Section 6998-36, supra, provides that the employee or his dependents bringing suit against a third party must notify the employer or carrier within fifteen days of the filing of such suit and the appellants contend that the appellees are barred from prosecuting their compensation claim because such notice was not given. *788The appellants are asking us to write something into the act which the Legislature did not write into it. The attorney-referee in his opinion awarded the full amount of compensation provided by the Act but gave the appellants credit thereon for the $1,675 aforesaid and each tribunal to whom the case has been appealed did likewise.
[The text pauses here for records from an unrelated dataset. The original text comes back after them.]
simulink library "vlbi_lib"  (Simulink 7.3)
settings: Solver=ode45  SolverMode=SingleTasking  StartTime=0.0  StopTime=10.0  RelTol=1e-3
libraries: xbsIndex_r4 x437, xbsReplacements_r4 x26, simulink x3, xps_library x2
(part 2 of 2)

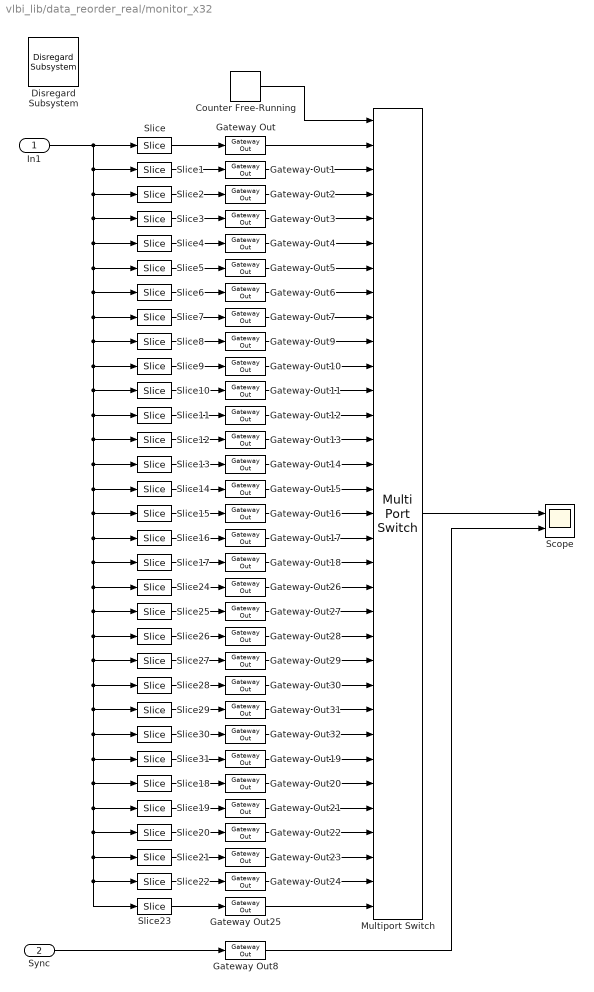
== system vlbi_lib/data_reorder_real/monitor_x32 ==
  In1 : Inport  OutDataType=sfix(16)  OutScaling=2^0
  Sync : Inport  Port=2  OutDataType=sfix(16)  OutScaling=2^0
  Counter Free-Running : simulink/Sources/Counter Free-Running  SystemSampleTime=-1  NumBits=5  tsamp=1/32
  Disregard Subsystem : xbsIndex_r4/Disregard Subsystem  Tag=discardX  block_type=disregard
      settings: block_version=11.3
  Gateway Out{,1..32} (33 alike) : xbsIndex_r4/Gateway Out  hdl_port=off  timing_constraint=None  locs_specified=off  LOCs={}  block_type=gatewayout
      settings: infoedit="Gateway out block.  Converts Xilinx fixed point inputs into ouputs of type Simulink integer, double, or fixed point.<br><br>Hardware notes:  In hardware these blocks become top level output ports or are discarded, depending on how they are configured."  xl_area=[0, 0, 0, 0, 0, 0, 0]  block_version=11.3
  Multiport Switch : MultiPortSwitch  Inputs=32  zeroidx=on  SampleTime=1/32
  Scope : Scope  NumInputPorts=2
      settings: YMin=-5~-5  YMax=5~5
  Slice : xbsIndex_r4/Slice  nbits=sample_width  boolean_output=off  mode=Lower Bit Location + Width  bit1=sample_width*0  base1=MSB of Input  bit0=sample_width*7  base0=LSB of Input  dbl_ovrd=off  block_type=slice
      settings: block_version=11.3
  Slice1 : xbsIndex_r4/Slice  nbits=sample_width  boolean_output=off  mode=Lower Bit Location + Width  bit1=-2*sample_width  base1=MSB of Input  bit0=sample_width*6  base0=LSB of Input  dbl_ovrd=off  block_type=slice
      settings: block_version=11.3
  Slice10 : xbsIndex_r4/Slice  nbits=sample_width  boolean_output=off  mode=Lower Bit Location + Width  bit1=sample_width*21  base1=MSB of Input  bit0=sample_width*21  base0=LSB of Input  dbl_ovrd=off  block_type=slice
      settings: block_version=11.3
  Slice11 : xbsIndex_r4/Slice  nbits=sample_width  boolean_output=off  mode=Lower Bit Location + Width  bit1=-22*sample_width  base1=MSB of Input  bit0=sample_width*20  base0=LSB of Input  dbl_ovrd=off  block_type=slice
      settings: block_version=11.3
  Slice12 : xbsIndex_r4/Slice  nbits=sample_width  boolean_output=off  mode=Lower Bit Location + Width  bit1=-24*sample_width  base1=MSB of Input  bit0=sample_width*31  base0=LSB of Input  dbl_ovrd=off  block_type=slice
      settings: block_version=11.3
  Slice13 : xbsIndex_r4/Slice  nbits=sample_width  boolean_output=off  mode=Lower Bit Location + Width  bit1=-26*sample_width  base1=MSB of Input  bit0=sample_width*30  base0=LSB of Input  dbl_ovrd=off  block_type=slice
      settings: block_version=11.3
  Slice14 : xbsIndex_r4/Slice  nbits=sample_width  boolean_output=off  mode=Lower Bit Location + Width  bit1=-28*sample_width  base1=MSB of Input  bit0=sample_width*29  base0=LSB of Input  dbl_ovrd=off  block_type=slice
      settings: block_version=11.3
  Slice15 : xbsIndex_r4/Slice  nbits=sample_width  boolean_output=off  mode=Lower Bit Location + Width  bit1=-30*sample_width  base1=MSB of Input  bit0=sample_width*28  base0=LSB of Input  dbl_ovrd=off  block_type=slice
      settings: block_version=11.3
  Slice16 : xbsIndex_r4/Slice  nbits=sample_width  boolean_output=off  mode=Lower Bit Location + Width  bit1=-1*sample_width  base1=MSB of Input  bit0=sample_width*3  base0=LSB of Input  dbl_ovrd=off  block_type=slice
      settings: block_version=11.3
  Slice17 : xbsIndex_r4/Slice  nbits=sample_width  boolean_output=off  mode=Lower Bit Location + Width  bit1=-3*sample_width  base1=MSB of Input  bit0=sample_width*2  base0=LSB of Input  dbl_ovrd=off  block_type=slice
      settings: block_version=11.3
  Slice18 : xbsIndex_r4/Slice  nbits=sample_width  boolean_output=off  mode=Lower Bit Location + Width  bit1=-21*sample_width  base1=MSB of Input  bit0=sample_width*17  base0=LSB of Input  dbl_ovrd=off  block_type=slice
      settings: block_version=11.3
  Slice19 : xbsIndex_r4/Slice  nbits=sample_width  boolean_output=off  mode=Lower Bit Location + Width  bit1=-23*sample_width  base1=MSB of Input  bit0=sample_width*16  base0=LSB of Input  dbl_ovrd=off  block_type=slice
      settings: block_version=11.3
  Slice2 : xbsIndex_r4/Slice  nbits=sample_width  boolean_output=off  mode=Lower Bit Location + Width  bit1=-4*sample_width  base1=MSB of Input  bit0=sample_width*5  base0=LSB of Input  dbl_ovrd=off  block_type=slice
      settings: block_version=11.3
  Slice20 : xbsIndex_r4/Slice  nbits=sample_width  boolean_output=off  mode=Lower Bit Location + Width  bit1=-25*sample_width  base1=MSB of Input  bit0=sample_width*27  base0=LSB of Input  dbl_ovrd=off  block_type=slice
      settings: block_version=11.3
  Slice21 : xbsIndex_r4/Slice  nbits=sample_width  boolean_output=off  mode=Lower Bit Location + Width  bit1=-27*sample_width  base1=MSB of Input  bit0=sample_width*26  base0=LSB of Input  dbl_ovrd=off  block_type=slice
      settings: block_version=11.3
  Slice22 : xbsIndex_r4/Slice  nbits=sample_width  boolean_output=off  mode=Lower Bit Location + Width  bit1=-29*sample_width  base1=MSB of Input  bit0=sample_width*25  base0=LSB of Input  dbl_ovrd=off  block_type=slice
      settings: block_version=11.3
  Slice23 : xbsIndex_r4/Slice  nbits=sample_width  boolean_output=off  mode=Lower Bit Location + Width  bit1=-31*sample_width  base1=MSB of Input  bit0=sample_width*24  base0=LSB of Input  dbl_ovrd=off  block_type=slice
      settings: block_version=11.3
  Slice24 : xbsIndex_r4/Slice  nbits=sample_width  boolean_output=off  mode=Lower Bit Location + Width  bit1=-5*sample_width  base1=MSB of Input  bit0=sample_width*1  base0=LSB of Input  dbl_ovrd=off  block_type=slice
      settings: block_version=11.3
  Slice25 : xbsIndex_r4/Slice  nbits=sample_width  boolean_output=off  mode=Lower Bit Location + Width  bit1=-7*sample_width  base1=MSB of Input  bit0=sample_width*0  base0=LSB of Input  dbl_ovrd=off  block_type=slice
      settings: block_version=11.3
  Slice26 : xbsIndex_r4/Slice  nbits=sample_width  boolean_output=off  mode=Lower Bit Location + Width  bit1=-9*sample_width  base1=MSB of Input  bit0=sample_width*11  base0=LSB of Input  dbl_ovrd=off  block_type=slice
      settings: block_version=11.3
  Slice27 : xbsIndex_r4/Slice  nbits=sample_width  boolean_output=off  mode=Lower Bit Location + Width  bit1=-11*sample_width  base1=MSB of Input  bit0=sample_width*10  base0=LSB of Input  dbl_ovrd=off  block_type=slice
      settings: block_version=11.3
  Slice28 : xbsIndex_r4/Slice  nbits=sample_width  boolean_output=off  mode=Lower Bit Location + Width  bit1=-13*sample_width  base1=MSB of Input  bit0=sample_width*9  base0=LSB of Input  dbl_ovrd=off  block_type=slice
      settings: block_version=11.3
  Slice29 : xbsIndex_r4/Slice  nbits=sample_width  boolean_output=off  mode=Lower Bit Location + Width  bit1=-15*sample_width  base1=MSB of Input  bit0=sample_width*8  base0=LSB of Input  dbl_ovrd=off  block_type=slice
      settings: block_version=11.3
  Slice3 : xbsIndex_r4/Slice  nbits=sample_width  boolean_output=off  mode=Lower Bit Location + Width  bit1=-6*sample_width  base1=MSB of Input  bit0=sample_width*4  base0=LSB of Input  dbl_ovrd=off  block_type=slice
      settings: block_version=11.3
  Slice30 : xbsIndex_r4/Slice  nbits=sample_width  boolean_output=off  mode=Lower Bit Location + Width  bit1=-17*sample_width  base1=MSB of Input  bit0=sample_width*19  base0=LSB of Input  dbl_ovrd=off  block_type=slice
      settings: block_version=11.3
  Slice31 : xbsIndex_r4/Slice  nbits=sample_width  boolean_output=off  mode=Lower Bit Location + Width  bit1=sample_width*18  base1=MSB of Input  bit0=sample_width*18  base0=LSB of Input  dbl_ovrd=off  block_type=slice
      settings: block_version=11.3
  Slice4 : xbsIndex_r4/Slice  nbits=sample_width  boolean_output=off  mode=Lower Bit Location + Width  bit1=-8*sample_width  base1=MSB of Input  bit0=sample_width*15  base0=LSB of Input  dbl_ovrd=off  block_type=slice
      settings: block_version=11.3
  Slice5 : xbsIndex_r4/Slice  nbits=sample_width  boolean_output=off  mode=Lower Bit Location + Width  bit1=-10*sample_width  base1=MSB of Input  bit0=sample_width*14  base0=LSB of Input  dbl_ovrd=off  block_type=slice
      settings: block_version=11.3
  Slice6 : xbsIndex_r4/Slice  nbits=sample_width  boolean_output=off  mode=Lower Bit Location + Width  bit1=-12*sample_width  base1=MSB of Input  bit0=sample_width*13  base0=LSB of Input  dbl_ovrd=off  block_type=slice
      settings: block_version=11.3
  Slice7 : xbsIndex_r4/Slice  nbits=sample_width  boolean_output=off  mode=Lower Bit Location + Width  bit1=-14*sample_width  base1=MSB of Input  bit0=sample_width*12  base0=LSB of Input  dbl_ovrd=off  block_type=slice
      settings: block_version=11.3
  Slice8 : xbsIndex_r4/Slice  nbits=sample_width  boolean_output=off  mode=Lower Bit Location + Width  bit1=-16*sample_width  base1=MSB of Input  bit0=sample_width*23  base0=LSB of Input  dbl_ovrd=off  block_type=slice
      settings: block_version=11.3
  Slice9 : xbsIndex_r4/Slice  nbits=sample_width  boolean_output=off  mode=Lower Bit Location + Width  bit1=-18*sample_width  base1=MSB of Input  bit0=sample_width*22  base0=LSB of Input  dbl_ovrd=off  block_type=slice
      settings: block_version=11.3
  wires:
  Gateway Out8/1 -> Scope/2
  Sync/1 -> Gateway Out8/1
  Multiport Switch/1 -> Scope/1
  Counter Free-Running/1 -> Multiport Switch/1
  Slice7/1 -> Gateway Out7/1
  Slice6/1 -> Gateway Out6/1
  Slice5/1 -> Gateway Out5/1
  Slice4/1 -> Gateway Out4/1
  Slice3/1 -> Gateway Out3/1
  Slice2/1 -> Gateway Out2/1
  Slice1/1 -> Gateway Out1/1
  Slice/1 -> Gateway Out/1
  In1/1 -> Slice6/1, Slice7/1, Slice14/1, Slice15/1, Slice16/1, Slice17/1, Slice24/1, Slice25/1, Slice26/1, Slice27/1, Slice30/1, Slice31/1, Slice18/1, Slice19/1, Slice20/1, Slice21/1, Slice22/1, Slice23/1, Slice29/1, Slice28/1, Slice13/1, Slice12/1, Slice11/1, Slice10/1, Slice9/1, Slice8/1, Slice5/1, Slice4/1, Slice3/1, Slice2/1, Slice1/1, Slice/1
  Slice15/1 -> Gateway Out16/1
  Slice14/1 -> Gateway Out15/1
  Slice13/1 -> Gateway Out14/1
  Slice12/1 -> Gateway Out13/1
  Slice11/1 -> Gateway Out12/1
  Slice10/1 -> Gateway Out11/1
  Slice9/1 -> Gateway Out10/1
  Slice8/1 -> Gateway Out9/1
  Slice29/1 -> Gateway Out31/1
  Slice28/1 -> Gateway Out30/1
  Slice27/1 -> Gateway Out29/1
  Slice26/1 -> Gateway Out28/1
  Slice25/1 -> Gateway Out27/1
  Slice24/1 -> Gateway Out26/1
  Slice17/1 -> Gateway Out18/1
  Slice16/1 -> Gateway Out17/1
  Slice23/1 -> Gateway Out25/1
  Slice22/1 -> Gateway Out24/1
  Slice21/1 -> Gateway Out23/1
  Slice20/1 -> Gateway Out22/1
  Slice19/1 -> Gateway Out21/1
  Slice18/1 -> Gateway Out20/1
  Slice31/1 -> Gateway Out19/1
  Slice30/1 -> Gateway Out32/1
  Gateway Out/1 -> Multiport Switch/2
  Gateway Out1/1 -> Multiport Switch/3
  Gateway Out2/1 -> Multiport Switch/4
  Gateway Out3/1 -> Multiport Switch/5
  Gateway Out4/1 -> Multiport Switch/6
  Gateway Out5/1 -> Multiport Switch/7
  Gateway Out6/1 -> Multiport Switch/8
  Gateway Out7/1 -> Multiport Switch/9
  Gateway Out9/1 -> Multiport Switch/10
  Gateway Out10/1 -> Multiport Switch/11
  Gateway Out11/1 -> Multiport Switch/12
  Gateway Out12/1 -> Multiport Switch/13
  Gateway Out13/1 -> Multiport Switch/14
  Gateway Out14/1 -> Multiport Switch/15
  Gateway Out15/1 -> Multiport Switch/16
  Gateway Out16/1 -> Multiport Switch/17
  Gateway Out17/1 -> Multiport Switch/18
  Gateway Out18/1 -> Multiport Switch/19
  Gateway Out26/1 -> Multiport Switch/20
  Gateway Out27/1 -> Multiport Switch/21
  Gateway Out28/1 -> Multiport Switch/22
  Gateway Out29/1 -> Multiport Switch/23
  Gateway Out30/1 -> Multiport Switch/24
  Gateway Out31/1 -> Multiport Switch/25
  Gateway Out32/1 -> Multiport Switch/26
  Gateway Out19/1 -> Multiport Switch/27
  Gateway Out20/1 -> Multiport Switch/28
  Gateway Out21/1 -> Multiport Switch/29
  Gateway Out22/1 -> Multiport Switch/30
  Gateway Out23/1 -> Multiport Switch/31
  Gateway Out24/1 -> Multiport Switch/32
  Gateway Out25/1 -> Multiport Switch/33

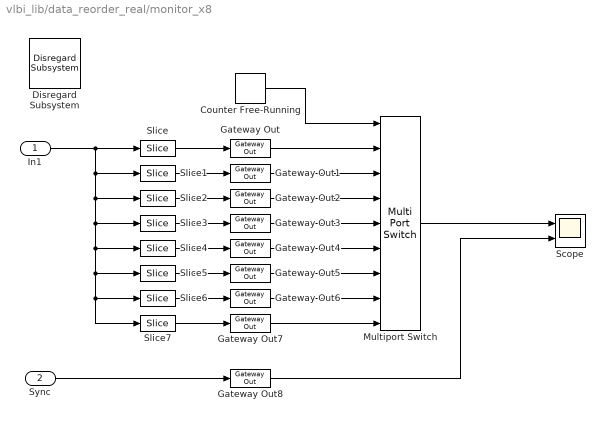
== system vlbi_lib/data_reorder_real/monitor_x8 ==
  In1 : Inport  OutDataType=sfix(16)  OutScaling=2^0
  Sync : Inport  Port=2  OutDataType=sfix(16)  OutScaling=2^0
  Counter Free-Running : simulink/Sources/Counter Free-Running  SystemSampleTime=-1  NumBits=3  tsamp=1/8
  Disregard Subsystem : xbsIndex_r4/Disregard Subsystem  Tag=discardX  block_type=disregard
      settings: block_version=11.3
  Gateway Out{,1..8} (9 alike) : xbsIndex_r4/Gateway Out  hdl_port=off  timing_constraint=None  locs_specified=off  LOCs={}  block_type=gatewayout
      settings: infoedit="Gateway out block.  Converts Xilinx fixed point inputs into ouputs of type Simulink integer, double, or fixed point.<br><br>Hardware notes:  In hardware these blocks become top level output ports or are discarded, depending on how they are configured."  xl_area=[0, 0, 0, 0, 0, 0, 0]  block_version=11.3
  Multiport Switch : MultiPortSwitch  Inputs=8  zeroidx=on  SampleTime=1/8
  Scope : Scope  NumInputPorts=2
      settings: YMin=-5~-5  YMax=5~5
  Slice : xbsIndex_r4/Slice  nbits=sample_width  boolean_output=off  mode=Upper Bit Location + Width  bit1=0  base1=MSB of Input  bit0=0  base0=LSB of Input  dbl_ovrd=off  block_type=slice
      settings: block_version=11.3
  Slice1 : xbsIndex_r4/Slice  nbits=sample_width  boolean_output=off  mode=Upper Bit Location + Width  bit1=-1*sample_width  base1=MSB of Input  bit0=0  base0=LSB of Input  dbl_ovrd=off  block_type=slice
      settings: block_version=11.3
  Slice2 : xbsIndex_r4/Slice  nbits=sample_width  boolean_output=off  mode=Upper Bit Location + Width  bit1=-2*sample_width  base1=MSB of Input  bit0=0  base0=LSB of Input  dbl_ovrd=off  block_type=slice
      settings: block_version=11.3
  Slice3 : xbsIndex_r4/Slice  nbits=sample_width  boolean_output=off  mode=Upper Bit Location + Width  bit1=-3*sample_width  base1=MSB of Input  bit0=0  base0=LSB of Input  dbl_ovrd=off  block_type=slice
      settings: block_version=11.3
  Slice4 : xbsIndex_r4/Slice  nbits=sample_width  boolean_output=off  mode=Upper Bit Location + Width  bit1=-4*sample_width  base1=MSB of Input  bit0=0  base0=LSB of Input  dbl_ovrd=off  block_type=slice
      settings: block_version=11.3
  Slice5 : xbsIndex_r4/Slice  nbits=sample_width  boolean_output=off  mode=Upper Bit Location + Width  bit1=-5*sample_width  base1=MSB of Input  bit0=0  base0=LSB of Input  dbl_ovrd=off  block_type=slice
      settings: block_version=11.3
  Slice6 : xbsIndex_r4/Slice  nbits=sample_width  boolean_output=off  mode=Upper Bit Location + Width  bit1=-6*sample_width  base1=MSB of Input  bit0=0  base0=LSB of Input  dbl_ovrd=off  block_type=slice
      settings: block_version=11.3
  Slice7 : xbsIndex_r4/Slice  nbits=sample_width  boolean_output=off  mode=Upper Bit Location + Width  bit1=-7*sample_width  base1=MSB of Input  bit0=0  base0=LSB of Input  dbl_ovrd=off  block_type=slice
      settings: block_version=11.3
  wires:
  In1/1 -> Slice/1, Slice1/1, Slice2/1, Slice3/1, Slice4/1, Slice5/1, Slice6/1, Slice7/1
  Slice/1 -> Gateway Out/1
  Slice1/1 -> Gateway Out1/1
  Slice2/1 -> Gateway Out2/1
  Slice3/1 -> Gateway Out3/1
  Slice4/1 -> Gateway Out4/1
  Slice5/1 -> Gateway Out5/1
  Slice6/1 -> Gateway Out6/1
  Slice7/1 -> Gateway Out7/1
  Counter Free-Running/1 -> Multiport Switch/1
  Gateway Out/1 -> Multiport Switch/2
  Gateway Out1/1 -> Multiport Switch/3
  Gateway Out2/1 -> Multiport Switch/4
  Gateway Out3/1 -> Multiport Switch/5
  Gateway Out4/1 -> Multiport Switch/6
  Gateway Out5/1 -> Multiport Switch/7
  Gateway Out6/1 -> Multiport Switch/8
  Gateway Out7/1 -> Multiport Switch/9
  Multiport Switch/1 -> Scope/1
  Sync/1 -> Gateway Out8/1
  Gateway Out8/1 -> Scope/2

What the appellants are asking us to do, is to let the appellees keep this $1,675 in full payment of their compensation claim for several times this-amount, and to let the appellants go Scot free of all their obligations with no outlay of money.

We feel that the decisions by the lower tribunal are correct and that the order appealed from should be affirmed and the cause remanded to the Commission' for supervision of^the payments due. An attorneys’ fee1 of one-third of the total amount of the recovery is hereby allowed to counsel for the claimants for all their services in this case.

•Affirmed and remanded.

McGehee, C. J., and Lee, Kyle and Holmes, JJ., concur.